The `tinycompress` library is what provides the compressed offload API. It makes
`ioctl()` calls to the underlying kernel driver/sound subsystem.

`ffmpeg` is a dependency for the example `fcplay` utility provided by
`tinycompress`. It's also used in `pw-cat` to read basic metadata of the encoded
media. This is then used to determine and negotiate the format with the compressed
sink node.

`PipeWire` is where the compressed sink node would reside and `WirePlumber` acting
as the session manager for `PipeWire`.

Going into how Yocto works is beyond the scope of what can be covered in a blog
post. Basic Yocto project concepts can be found [here](https://docs.yoctoproject.org/overview-manual/concepts.html?highlight=meta+layer#yocto-project-concepts).

In Yocto speak, a custom
[meta layer](https://github.com/asymptotic-io/meta-asymptotic) was written.

Yocto makes it quite easy to build `autoconf` based projects. A new `tinycompress`
[bitbake recipe](https://github.com/asymptotic-io/meta-asymptotic/blob/master/recipes-multimedia/tinycompress/tinycompress.bb)
was written to build the latest sources from upstream and also include the
`fcplay` and `cplay` utilities for initial testing.

The existing PipeWire and WirePlumber recipes were modified to point to custom git
sources with minor changes to default settings included as part of the build.

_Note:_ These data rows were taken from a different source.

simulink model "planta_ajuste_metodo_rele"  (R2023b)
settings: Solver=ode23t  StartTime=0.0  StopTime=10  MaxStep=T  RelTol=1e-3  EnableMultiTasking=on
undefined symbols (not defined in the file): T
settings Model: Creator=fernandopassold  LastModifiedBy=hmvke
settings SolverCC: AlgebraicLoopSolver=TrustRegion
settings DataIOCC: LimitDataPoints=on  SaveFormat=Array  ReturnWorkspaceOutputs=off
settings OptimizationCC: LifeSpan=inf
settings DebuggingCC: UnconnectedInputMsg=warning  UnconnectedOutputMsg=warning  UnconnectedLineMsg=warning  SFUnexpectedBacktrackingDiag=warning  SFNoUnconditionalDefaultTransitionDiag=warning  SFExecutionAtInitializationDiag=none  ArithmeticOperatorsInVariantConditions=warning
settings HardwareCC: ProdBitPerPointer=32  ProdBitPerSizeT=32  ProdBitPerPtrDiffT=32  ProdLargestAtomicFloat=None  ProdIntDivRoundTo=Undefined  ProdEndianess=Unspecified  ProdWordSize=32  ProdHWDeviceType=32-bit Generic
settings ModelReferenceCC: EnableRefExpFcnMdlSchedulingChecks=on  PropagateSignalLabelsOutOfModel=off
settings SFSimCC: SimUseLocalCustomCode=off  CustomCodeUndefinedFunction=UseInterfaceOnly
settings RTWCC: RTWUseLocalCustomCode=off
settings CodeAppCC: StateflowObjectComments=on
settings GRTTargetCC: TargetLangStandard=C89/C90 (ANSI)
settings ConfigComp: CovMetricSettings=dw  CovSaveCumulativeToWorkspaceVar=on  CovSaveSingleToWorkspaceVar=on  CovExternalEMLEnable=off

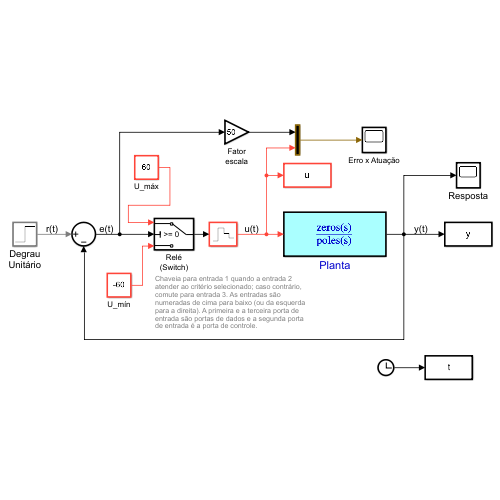
[thumbnail: Simulink's stored preview of the top-level diagram]
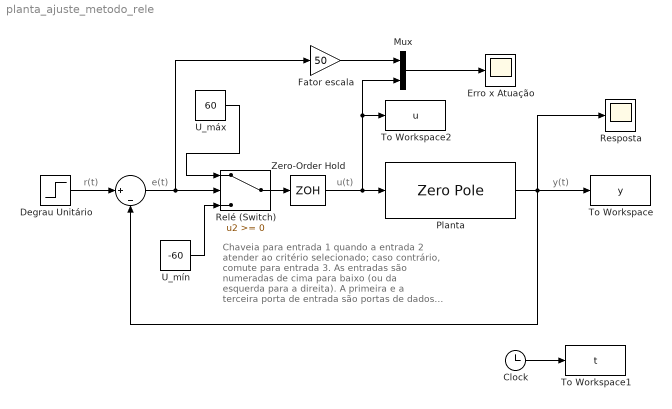
== system planta_ajuste_metodo_rele ==
  note: Chaveia para entrada 1 quando a entrada 2 atender ao critério selecionado; caso contrário, comute para entrada 3. As entradas são numeradas de cima para baixo (ou da esquerda para a direita). A primeira e a terceira porta de entrada são portas de dados e a segunda porta de entrada é a porta de controle.
  note: r(t)
  note: e(t)
  note: u(t)
  note: y(t)
  " " : Sum  Inputs=||+|-
  Clock : Clock
  Degrau Unitário : Step  SampleTime=0
  Erro x Atuação : Scope
  Fator escala : Gain  Gain=50
  Mux : Mux  Inputs=2
  Planta : ZeroPole  Zeros=[ ]  Poles="[-1  -2   -10]"
  Relé (Switch) : Switch  SaturateOnIntegerOverflow=off  InputSameDT=off
  Resposta : Scope
  To Workspace : ToWorkspace  VariableName=y  SaveFormat=Timeseries  SampleTime=-1
  To Workspace1 : ToWorkspace  VariableName=t  SampleTime=-1
  To Workspace2 : ToWorkspace  VariableName=u  SaveFormat=Timeseries  SampleTime=T
  U_máx : Constant  Value=60  SampleTime=T
  U_mín : Constant  Value=-60  SampleTime=T
  Zero-Order Hold : ZeroOrderHold  SampleTime=T
  wires:
  Degrau Unitário/1 -> " "/1
  Zero-Order Hold/1 -> Mux/2, To Workspace2/1, Planta/1
  Planta/1 -> " "/2, Resposta/1, To Workspace/1
  Clock/1 -> To Workspace1/1
  " "/1 -> Fator escala/1, Relé (Switch)/2
  Mux/1 -> Erro x Atuação/1
  Relé (Switch)/1 -> Zero-Order Hold/1
  U_máx/1 -> Relé (Switch)/1
  U_mín/1 -> Relé (Switch)/3
  Fator escala/1 -> Mux/1
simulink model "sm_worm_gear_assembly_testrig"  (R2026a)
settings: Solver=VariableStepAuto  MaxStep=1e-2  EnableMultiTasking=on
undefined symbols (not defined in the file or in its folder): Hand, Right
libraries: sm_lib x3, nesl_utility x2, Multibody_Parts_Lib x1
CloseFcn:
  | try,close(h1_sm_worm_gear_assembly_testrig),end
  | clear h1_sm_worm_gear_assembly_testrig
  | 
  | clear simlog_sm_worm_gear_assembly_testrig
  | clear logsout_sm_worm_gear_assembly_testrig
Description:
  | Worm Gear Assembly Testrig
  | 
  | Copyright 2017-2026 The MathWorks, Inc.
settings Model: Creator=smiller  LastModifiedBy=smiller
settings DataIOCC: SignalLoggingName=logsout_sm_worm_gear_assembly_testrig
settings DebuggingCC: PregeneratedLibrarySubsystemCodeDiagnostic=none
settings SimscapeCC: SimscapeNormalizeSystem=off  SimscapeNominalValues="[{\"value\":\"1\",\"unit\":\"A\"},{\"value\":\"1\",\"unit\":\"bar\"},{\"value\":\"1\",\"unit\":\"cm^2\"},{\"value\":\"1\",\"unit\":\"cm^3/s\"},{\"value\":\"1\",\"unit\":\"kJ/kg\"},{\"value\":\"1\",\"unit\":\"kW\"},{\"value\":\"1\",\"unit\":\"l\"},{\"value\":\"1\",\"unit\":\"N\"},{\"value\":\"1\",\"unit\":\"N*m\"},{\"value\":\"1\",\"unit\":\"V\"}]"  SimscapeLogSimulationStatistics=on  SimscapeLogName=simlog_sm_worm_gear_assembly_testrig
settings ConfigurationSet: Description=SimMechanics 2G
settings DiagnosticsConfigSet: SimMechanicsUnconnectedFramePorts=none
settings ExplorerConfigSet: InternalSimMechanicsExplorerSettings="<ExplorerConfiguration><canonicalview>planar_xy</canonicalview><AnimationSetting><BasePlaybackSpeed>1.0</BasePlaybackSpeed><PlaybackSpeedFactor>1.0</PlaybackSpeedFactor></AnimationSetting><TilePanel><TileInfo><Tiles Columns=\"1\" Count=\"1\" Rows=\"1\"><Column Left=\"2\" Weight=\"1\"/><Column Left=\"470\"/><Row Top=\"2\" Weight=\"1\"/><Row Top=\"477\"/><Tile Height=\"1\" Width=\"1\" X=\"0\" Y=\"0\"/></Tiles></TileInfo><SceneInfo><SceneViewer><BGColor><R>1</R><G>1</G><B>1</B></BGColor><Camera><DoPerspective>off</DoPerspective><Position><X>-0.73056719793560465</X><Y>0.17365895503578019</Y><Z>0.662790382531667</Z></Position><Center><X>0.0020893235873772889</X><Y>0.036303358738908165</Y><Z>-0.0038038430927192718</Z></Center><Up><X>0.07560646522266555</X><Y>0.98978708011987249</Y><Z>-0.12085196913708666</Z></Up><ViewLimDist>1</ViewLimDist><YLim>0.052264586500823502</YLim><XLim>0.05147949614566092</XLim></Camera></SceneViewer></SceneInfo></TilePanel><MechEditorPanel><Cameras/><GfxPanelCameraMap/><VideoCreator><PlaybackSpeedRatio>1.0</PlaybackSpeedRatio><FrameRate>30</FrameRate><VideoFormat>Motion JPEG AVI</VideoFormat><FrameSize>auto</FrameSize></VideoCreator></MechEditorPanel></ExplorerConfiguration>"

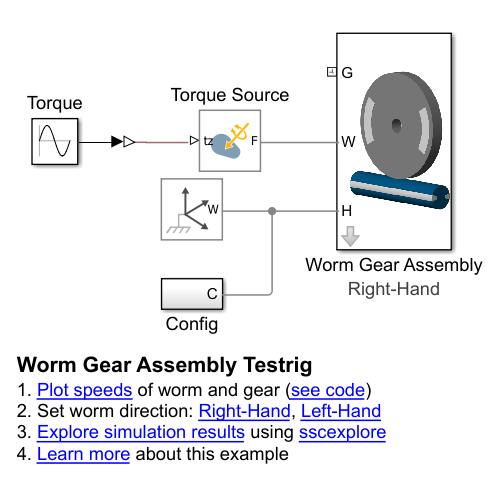
[thumbnail: Simulink's stored preview of the top-level diagram]
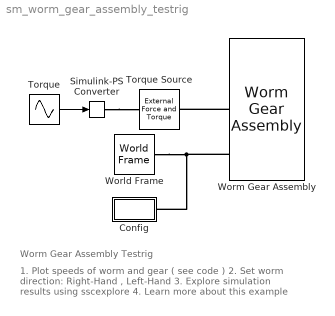
== system sm_worm_gear_assembly_testrig ==
  note: Worm Gear Assembly Testrig
  note: 1. Plot speeds of worm and gear ( see code )
      | 2. Set worm direction: Right-Hand , Left-Hand
      | 3. Explore simulation results using sscexplore
      | 4. Learn more about this example
  Config : Subsystem
  Simulink-PS Converter : nesl_utility/Simulink-PS Converter  PhysicalDomain=network_engine_domain  SubClassName=ps_input  LeftPortType=input  RightPortType=output  PseudoPeriodic=off  Frequencies=[]  NoiseDistribution=none  NoiseParameters=[]  Unit=1  AffineConversion=off  FilteringAndDerivatives=zero  SimscapeFilterOrder=1  InputFilterTimeConstant=0.001  UdotUserProvided=1
  Torque : Sin  Amplitude=10  Frequency=pi/2  Phase=pi/2  SampleTime=0
  Torque Source : sm_lib/Forces and Torques/External Force and Torque  EnableForceX=off  EnableForceY=off  EnableForceZ=off  EnableForce=off  ForceResolutionFrame=AttachedFrame  EnableTorqueX=off  EnableTorqueY=off  EnableTorqueZ=on  EnableTorque=off  TorqueResolutionFrame=AttachedFrame
  World Frame : sm_lib/Frames and Transforms/World Frame
  Worm Gear Assembly : Multibody_Parts_Lib/Gears/Assemblies/Worm Gear Assembly  Tag=PublishSubsystem  popup_worm_dir_asy=Right-Hand  worm_lead_angle_asy=4.2  gear_ra_asy=37.5e-3  gear_th_asy=9e-3  gear_hr_asy=5e-3  gear_rho_asy=7000  gear_clr_asy=[0.6 0.6 0.6]  gear_opc_asy=1  gear_visc_frict_asy=1e-2  g_popup_markings=Two  g_mark_radius_range=[0.7 0.9]  g_mark_angle_range=60  g_mark_color=[1 1 1]  worm_rad_asy=8.5e-3  worm_len_asy=85e-3  worm_rho_asy=7000  worm_color_asy=[0.0 0.4 0.6]  worm_opc_asy=1  worm_visc_frict_asy=1e-2  w_popup_markings=Two  w_mark_radius_range=[0.5 1.01]  w_mark_length_range=1.005  w_mark_angle_range=30  w_mark_color=[1 1 1]
      settings: AttributesFormatString=%<popup_worm_dir_asy>  SourceProductName=Simscape Multibody Parts Library
  wires:
  Torque/1 -> Simulink-PS Converter/1
  connections:
  World Frame/RConn1 -- Worm Gear Assembly/LConn3 -- Config/RConn1
  Worm Gear Assembly/LConn2 -- Torque Source/RConn1
  Simulink-PS Converter/RConn1 -- Torque Source/LConn1

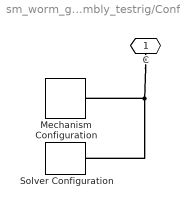
== system sm_worm_gear_assembly_testrig/Config ==
  Mechanism Configuration : sm_lib/Utilities/Mechanism Configuration  UniformGravity=Constant  GravityVector=[0 0 -9.80665]  GravityVectorUnits=m/s^2  LinearizationDelta=0.001  JointModeTransitionNonlinearIterations=2
  Solver Configuration : nesl_utility/Solver Configuration  PhysicalDomain=network_engine_domain  SubClassName=solver  LeftPortType=input  RightPortType=generic  Tones=[]  Harmonics=[]  SimulateNoise=off  Profile=off  UseLocalSampling=off  EnableSwitchedLinearOptims=on  FrequencyDomain=off  UseCCode=off  RelTol=0.001  AbsTol=1e-06  MinStep=1e-09  ToWorkspace=off  RevertToSquareIcSolve=off  NumHomotopyIterations=100  PhasorMode=off  PhasorModeNumHarmonics=1  ConsistencySolver=NEWTON_FTOL  CanonicalOrdering=UNORDERED  OptimizeIntermediates=UNOPTIMIZED  IndexReductionMethod=DerivativeReplacement  DoDC=off  ResidualTolerance=1e-09  ConsistencyTolSource=GLOBAL  ConsistencyAbsTol=0.001  ConsistencyRelTol=0.001  ConsistencyTolFactor=0.001  UseLocalSolver=off  LocalSolverChoice=NE_BACKWARD_EULER_ADVANCER  ResolveIndetEquations=on  FunctionEvalNumThread=1  LocalSolverSampleTime=0.001  DoFixedCost=off  MaxNonlinIter=3  MaxModeIter=2  ComputeImpulses=off  ImpulseIterations=2  LinearAlgebra=Sparse  LinearAlgebraNumThread=0  EquationFormulation=NE_TIME_EF  DelaysMemoryBudget=1024  AutomaticFiltering=on  FilteringTimeConstant=0.001  PartitionStorageMethod=AS_NEEDED  PartitionMemoryBudget=1024  PartitionMethod=FAST  MultibodyUseLocalSolver=off  MultibodyLocalSolverChoice=ODE1  MultibodyLocalSolverSampleTime=0.001
  C : PMIOPort  Side=Right
  connections:
  Solver Configuration/RConn1 -- C/RConn1 -- Mechanism Configuration/RConn1

## Updates since the original work

Since we completed the original patches, a number of changes have happened thanks
to the community (primarily Carlos Giani). These include:

- A device plugin for autodetecting compress nodes on the system

- Replacing `tinycompress` with an internal library to make all the requisite
  `ioctl()`s

- Compressed format detection (which was previously waiting on
  [an upstream API addition we implemented in `tinycompress`](https://github.com/alsa-project/tinycompress/pull/16)

## Future work

- Make compressed sink node provide clocking information. While the
  API provides a method to retrieve the timestamp information, the relevant
  timestamp fields seem to be not populated by the `q6asm-dai` driver.

- Validate other encoded formats. So far only MP3 and FLAC have been validated.

- May be the wider community can help test this on other hardware.

- Add capability to GStreamer plugin to work with compressed sink node. This
  would also help in validating pause and resume.